I forgot to post the little image I made


----------



## Michaelpro (Jan 25, 2012)

ben's plumbing said:


> get the kit and see what is required to install....as far as tubing I use copper but that its always comming from a basement...you could use plastic kits but as you are saying need to protect line under cabinets ok behind stove should not be a big deal either not like its going to get disturbed there ..maybe slip into another pipe in the stove area....


Sorry I mistyped there. I am not afraid it will get disturbed under the cabinets. 

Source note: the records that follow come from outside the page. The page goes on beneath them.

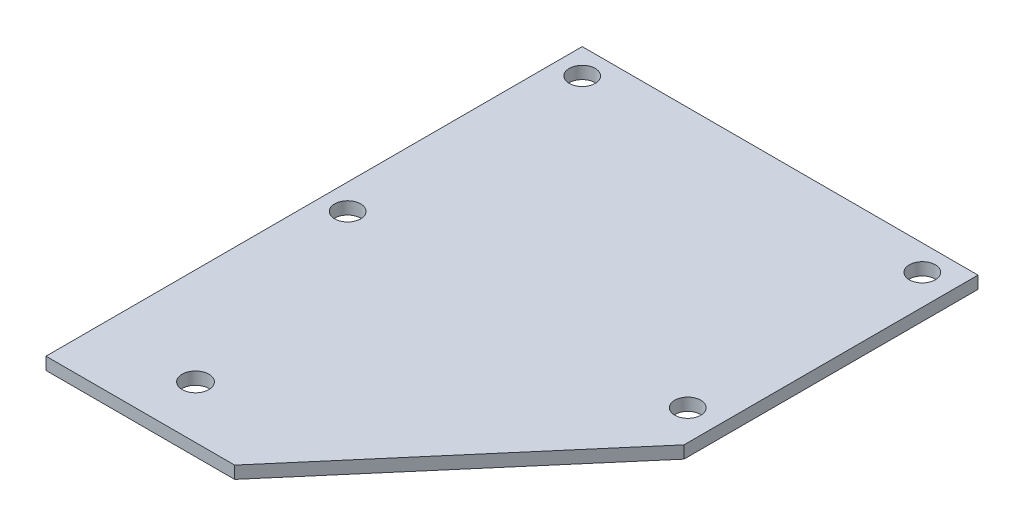
SolidWorks part; units mm, degrees
ref_plane "Front Plane" through (0, 0, 0) normal (0, 0, 1) x (1, 0, 0)
ref_plane "Top Plane" through (0, 0, 0) normal (0, 1, 0) x (1, 0, 0)
ref_plane "Right Plane" through (0, 0, 0) normal (1, 0, 0) x (0, 0, -1)
sketch "Sketch1" plane through (0, 0, 0) normal (0, 1, 0) x (1, 0, 0)
  line L0 (0, -68.58) -> (0, 68.58)
  line L1 (0, 68.58) -> (101.24, 68.58)
  line L2 (101.24, 68.58) -> (101.24, -6.62)
  line L3 (101.24, -6.62) -> (48.26, -68.58)
  line L4 (48.26, -68.58) -> (0, -68.58)
  line L5 (0, 62.08) -> (101.24, 62.08) construction
  line L6 (0, 2.08) -> (101.24, 2.08) construction
  line L7 (6.5, 62.08) -> (6.5, 2.08) construction
  line L8 (93.5, 62.08) -> (93.5, 2.08) construction
  line L9 (0, -55.16) -> (59.735, -55.16) construction
  circle A0 centre (93.5, 62.08) radius 3.33
  circle A1 centre (6.5, 62.08) radius 3.33
  circle A2 centre (93.5, 2.08) radius 3.33
  circle A3 centre (6.5, 2.08) radius 3.33
  circle A4 centre (24.82, -55.16) radius 3.42
  point P4 (0, 0)
  point P24 (21.4, -55.16)
  point P25 (24.82, -58.58)
  dimension "D1" = 6.66
  dimension "D10" = 6.84
  dimension "D2" = 101.24
  dimension "D3" = 75.2
  dimension "D4" = 48.26
  dimension "D5" = 137.16
  dimension "D6" = 87
  dimension "D7" = 60
  dimension "D8" = 6.5
  dimension "D9" = 6.5
  dimension "D11" = 10
  dimension "D12" = 21.4
extrude "Boss-Extrude1" add sketch "Sketch1" along normal blind 3.175
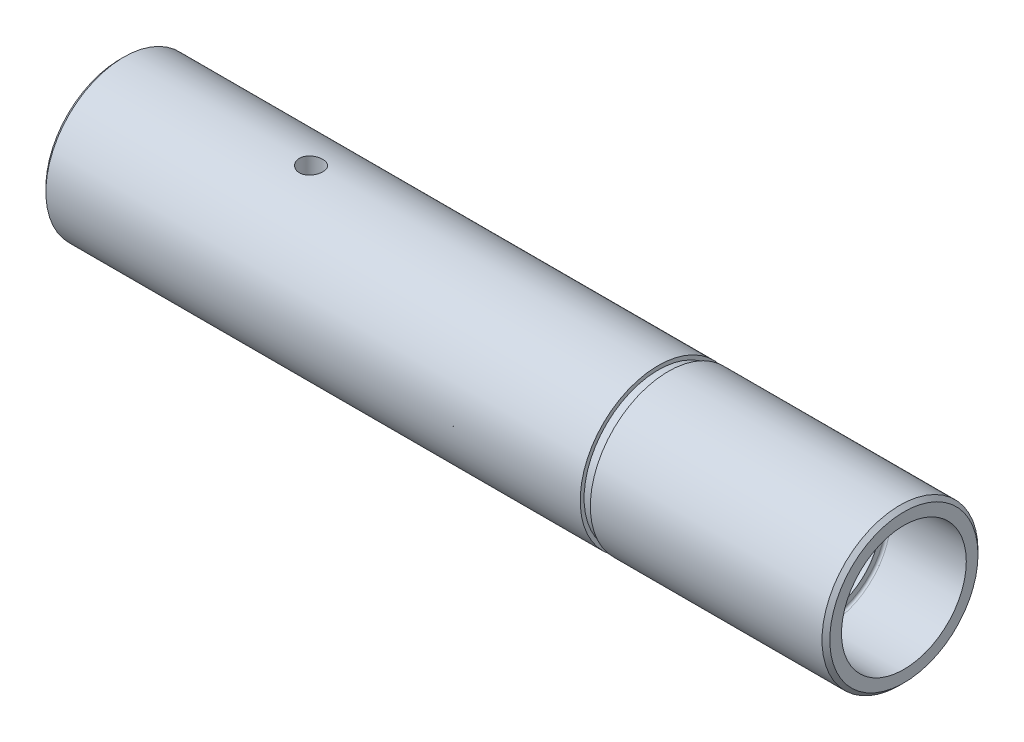
SolidWorks part; units mm, degrees
material "Stainless Steel (ferritic)"
ref_plane "Front Plane" through (0, 0, 0) normal (0, 0, 1) x (1, 0, 0)
ref_plane "Top Plane" through (0, 0, 0) normal (0, 1, 0) x (1, 0, 0)
ref_plane "Right Plane" through (0, 0, 0) normal (1, 0, 0) x (0, 0, -1)
sketch "Sketch1" plane through (0, 0, 0) normal (1, 0, 0) x (0, 0, -1)
  circle A0 centre (0, 0) radius 7
  circle A1 centre (0, 0) radius 10
  dimension "D1" = 20
  dimension "D2" = 3
extrude "Boss-Extrude1" add sketch "Sketch1" along normal blind 100.5
sketch "Sketch2" plane through (0, 0, 0) normal (-1, 0, 0) x (0, 0, 1)
  circle A0 centre (0, 0) radius 8
  dimension "D1" = 16
extrude "Cut-Extrude1" cut sketch "Sketch2" against normal blind 10
sketch "Sketch3" plane through (100.5, 0, 0) normal (1, 0, 0) x (0, 0, -1)
  circle A0 centre (0, 0) radius 8
  dimension "D1" = 16
extrude "Cut-Extrude2" cut sketch "Sketch3" against normal blind 10
sketch "Sketch4" plane through (0, 0, 0) normal (0, 0, 1) x (1, 0, 0)
  line L0 (69, 10) -> (69, 9.5)
  line L1 (100.5, 10) -> (0, 10) construction
  line L2 (69, 9.5) -> (70.3, 9.5)
  line L3 (70.3, 9.5) -> (70.3, 10)
  line L4 (70.3, 10) -> (69, 10)
  line L6 (0, 10) -> (0, -10) construction
  dimension "D1" = 69
  dimension "D2" = 1.3
  dimension "D3" = 0.5
ref_axis "Axis1" through (100.5, 0, 0) along (-1, 0, 0)
revolve "Cut-Revolve1" cut sketch "Sketch4" angle 360 about axis through (100.5, 0, 0) along (-1, 0, 0)
sketch "Sketch5" plane through (0, 0, 0) normal (0, 1, 0) x (1, 0, 0)
  line L0 (100.5, 0) -> (0, 0) construction
  circle A0 centre (24.5, 0) radius 1.5
  dimension "D1" = 3
  dimension "D2" = 24.5
extrude "Cut-Extrude3" cut sketch "Sketch5" against normal mid plane 20
chamfer "Chamfer1" distance 0.5 angle 45 2 edges at (0, 0, -10) (100.5, 0, -10)
fillet "Fillet1" radius 0.3 2 edges at (90.5, 0, -8) (10, 0, 8)
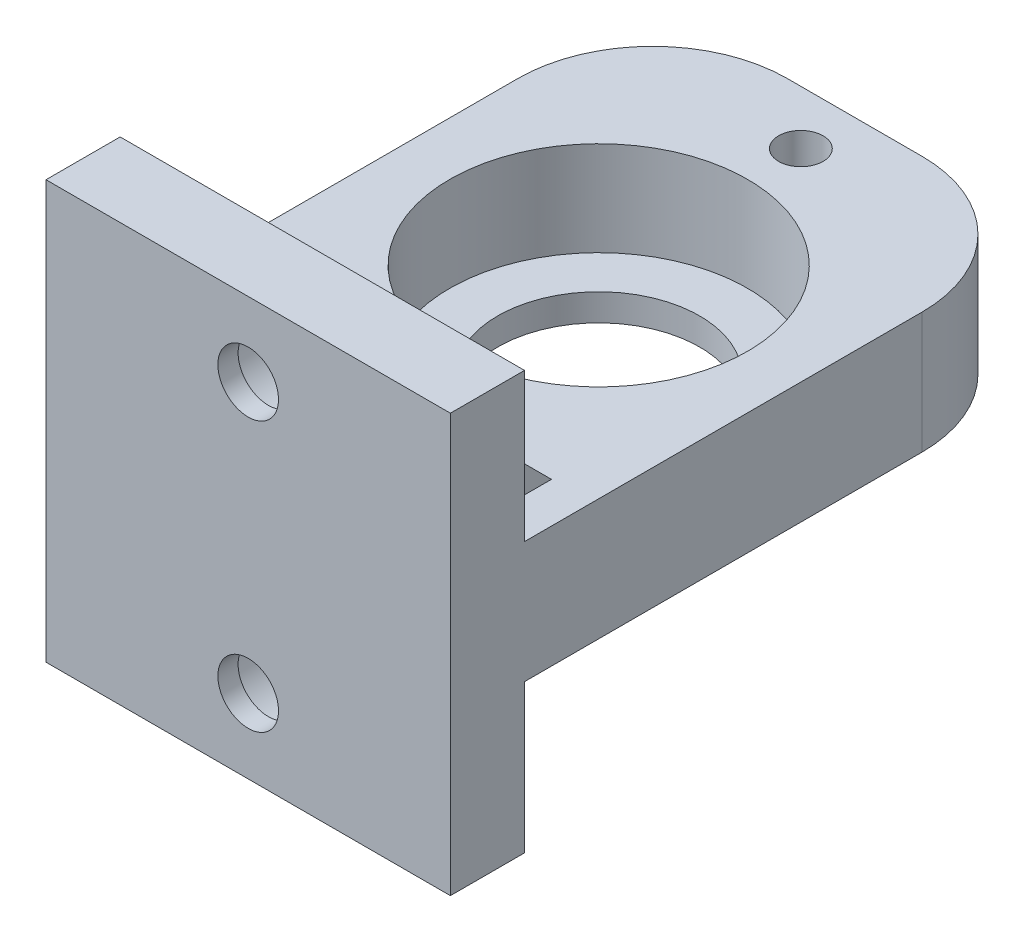
SolidWorks part; units mm, degrees
material "ABS"
ref_plane "Front Plane" through (0, 0, 0) normal (0, 0, 1) x (1, 0, 0)
ref_plane "Top Plane" through (0, 0, 0) normal (0, 1, 0) x (1, 0, 0)
ref_plane "Right Plane" through (0, 0, 0) normal (1, 0, 0) x (0, 0, -1)
sketch "Sketch2" plane through (0, 0, 0) normal (0, 1, 0) x (1, 0, 0)
  line L1 (-15, 22.5) -> (15, 22.5)
  line L2 (-15, 22.5) -> (-15, -22.5)
  line L3 (-15, -22.5) -> (15, -22.5)
  line L4 (15, 22.5) -> (15, -22.5)
  line L5 (-15, 22.5) -> (15, -22.5) construction
  line L6 (-15, -22.5) -> (15, 22.5) construction
  point P0 (0, 0)
  dimension "D1" = 30
  dimension "D2" = 45
extrude "Boss-Extrude1" add sketch "Sketch2" along normal blind 9
sketch "Sketch3" plane through (0, 9, 0) normal (0, 1, 0) x (1, 0, 0)
  line L0 (-15, -22.5) -> (15, -22.5) construction
  circle A0 centre (0, 3.5) radius 11.05
  point P6 (0, 0)
  dimension "D1" = 22.1
  dimension "D2" = 26
extrude "Cut-Extrude1" cut sketch "Sketch3" against normal blind 7
sketch "Sketch4" plane through (0, 2, 0) normal (0, 1, 0) x (1, 0, 0)
  circle A0 centre (0, 3.5) radius 7.5
  point P5 (0, 3.5)
  dimension "D1" = 15
extrude "Cut-Extrude2" cut sketch "Sketch4" against normal through all
fillet "Fillet1" radius 10 2 edges at (15, 4.5, -22.5) (-15, 4.5, -22.5)
sketch "Sketch5" plane through (0, 0, 22.5) normal (0, 0, 1) x (1, 0, 0)
  line L0 (15, 9) -> (15, 0) construction
  line L1 (-15, 0) -> (15, 0)
  line L2 (-15, 0) -> (-15, -11)
  line L3 (-15, -11) -> (15, -11)
  line L4 (15, 0) -> (15, -11)
  line L5 (-15, 9) -> (15, 9) construction
  dimension "D1" = 20
extrude "Boss-Extrude2" add sketch "Sketch5" against normal blind 5.5
sketch "Sketch6" plane through (0, 0, 17) normal (0, 0, -1) x (-1, 0, 0)
  line L0 (0, 0) -> (0, -11) construction
  line L1 (-15, 0) -> (15, 0) construction
  line L2 (15, -11) -> (-15, -11) construction
  point P6 (0, -5.5)
hole_wizard "CBORE for M4 SHCS1" positions "Sketch11" profile "Sketch8" counterbore size "M4" standard "ANSI Metric" end condition through all
sketch "Sketch11" plane through (0, 0, 17) normal (0, 0, -1) x (-1, 0, 0)
  point P0 (0, -5.5)
sketch "Sketch8" plane through (0, -5.5, 17) normal (1, 0, 0) x (0, 1, 0)
  line L0 (0, 0) -> (0, 5.5)
  line L1 (0, 5.5) -> (2.25, 5.5)
  line L3 (2.25, 5.5) -> (2.25, 4)
  line L4 (2.25, 4) -> (4, 4)
  line L5 (4, 4) -> (4, 0)
  line L7 (4, 0) -> (0, 0)
  line L11 (0, -6.35) -> (0, 107.95) construction
  dimension "Thru Hole Dia." = 4.5
  dimension "Thru Hole Depth" = 5.5
  dimension "C'Bore Dia." = 8
  dimension "C'Bore Depth" = 4
ref_plane "Plane1" through (-10, 0, 0) normal (-1, 0, 0) x (0, 0, 1)
sketch "Sketch10" plane through (-10, 0, 0) normal (-1, 0, 0) x (0, 0, 1)
  line L0 (12, 0) -> (17, -5)
  line L1 (-12.5, 0) -> (17, 0) construction
  line L2 (17, 0) -> (17, -11) construction
  dimension "D1" = 5
  dimension "D2" = 5
rib "Rib1" sketch "Sketch10" sketch "Sketch10" thickness 4 extrusion direction parallel to sketch draft on no parameters "D1"=4
mirror "Mirror1" about plane through (0, 0, 0) normal (1, 0, 0) of "Rib1"
chamfer "Chamfer1" [suppressed] distance 2 angle 45
sketch "Sketch12" plane through (0, 9, 0) normal (0, 1, 0) x (1, 0, 0)
  line L0 (0, 22.5) -> (0, -22.5) construction
  line L1 (5, 22.5) -> (-5, 22.5) construction
  line L2 (-15, -22.5) -> (15, -22.5) construction
  line L3 (0, 3.5) -> (6.5137, 3.5) construction
  circle A0 centre (0, 3.5) radius 7.5 construction
  circle A1 centre (0, 3.5) radius 7.5 construction
  point P6 (0, 3.5)
  point P11 (0, 18.5)
  point P12 (0, -11.5)
  dimension "D1" = 30
hole_wizard "Ø3.3 (3.3) Diameter Hole1" positions "Sketch12" profile "Sketch13" hole size "Ø3.3" standard "ANSI Metric"
sketch "Sketch13" plane through (0, 9, 11.5) normal (1, 0, 0) x (0, 0, 1)
  line L0 (0, 0) -> (0, 5.9914)
  line L1 (0, 5.9914) -> (1.65, 5)
  line L2 (1.65, 5) -> (1.65, 0)
  line L5 (1.65, 0) -> (0, 0)
  line L10 (0, 5.9914) -> (-1.65, 5) construction
  line L11 (0, -6.35) -> (0, 107.95) construction
  dimension "Hole Dia." = 3.3
  dimension "Hole Depth" = 5
  dimension "Drill Angle" = 118
sketch "Sketch14" plane through (0, 9, 0) normal (0, 1, 0) x (1, 0, 0)
  line L0 (-15, 12.5) -> (-15, -22.5) construction
  line L1 (-15, -17) -> (15, -17)
  line L2 (-15, -17) -> (-15, -22.5)
  line L3 (-15, -22.5) -> (15, -22.5)
  line L4 (15, -17) -> (15, -22.5)
  line L5 (-15, -17) -> (15, -17) construction
extrude "Boss-Extrude3" add sketch "Sketch14" along normal blind 11
ref_plane "Plane2" through (0, 4.5, 0) normal (0, -1, 0) x (-1, 0, 0)
mirror "Mirror2" about plane through (0, 4.5, 0) normal (0, -1, 0) of "Mirror1", "Rib1"
mirror "Mirror3" about plane through (0, 4.5, 0) normal (0, -1, 0) of "CBORE for M4 SHCS1"
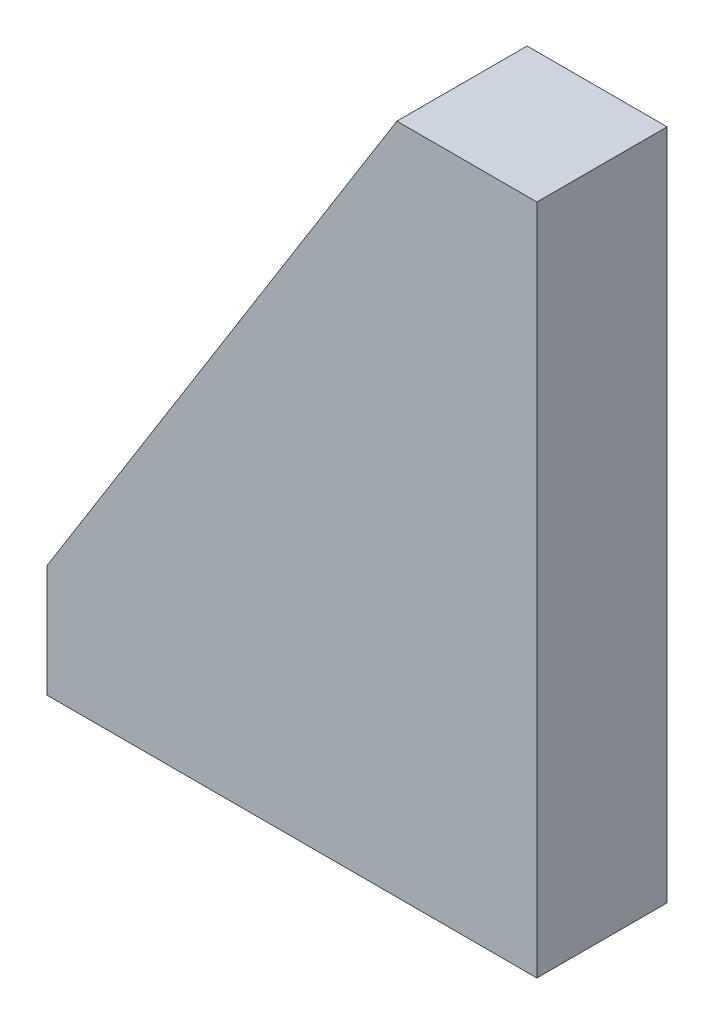
SolidWorks part; units mm, degrees
ref_plane "Front Plane" through (0, 0, 0) normal (0, 0, 1) x (1, 0, 0)
ref_plane "Top Plane" through (0, 0, 0) normal (0, 1, 0) x (1, 0, 0)
ref_plane "Right Plane" through (0, 0, 0) normal (1, 0, 0) x (0, 0, -1)
sketch "Sketch1" plane through (0, 0, 0) normal (0, 0, 1) x (1, 0, 0)
  line L0 (0, 0) -> (0, 42)
  line L1 (0, 42) -> (-10, 42)
  line L2 (-10, 42) -> (-35, 2)
  line L3 (-35, 2) -> (-35, 0)
  line L4 (-35, 0) -> (0, 0)
  dimension "D1" = 42
  dimension "D2" = 35
  dimension "D3" = 2
  dimension "D4" = 10
extrude "Boss-Extrude1" add sketch "Sketch1" against normal blind 9.3
sketch "Sketch2" plane through (0, 0, 0) normal (0, 0, 1) x (1, 0, 0)
  line L0 (-35, 0) -> (0, 0)
  line L1 (0, 0) -> (0, -6)
  line L2 (0, -6) -> (-35, -6)
  line L3 (-35, -6) -> (-35, 0)
  dimension "D1" = 6
extrude "Boss-Extrude2" add sketch "Sketch2" against normal up to surface (9.3 mm away) up to face at (-16, 17.2, -9.3)

Actually the plastic tubing through some PVC wouldn't be a bad idea. It would have great protection just in case something bad happened haha.


----------



## ben's plumbing (Oct 6, 2011)

Michaelpro said:


> Sorry I mistyped there. I am not afraid it will get disturbed under the cabinets.
> 
> Actually the plastic tubing through some PVC wouldn't be a bad idea. It would have great protection just in case something bad happened haha.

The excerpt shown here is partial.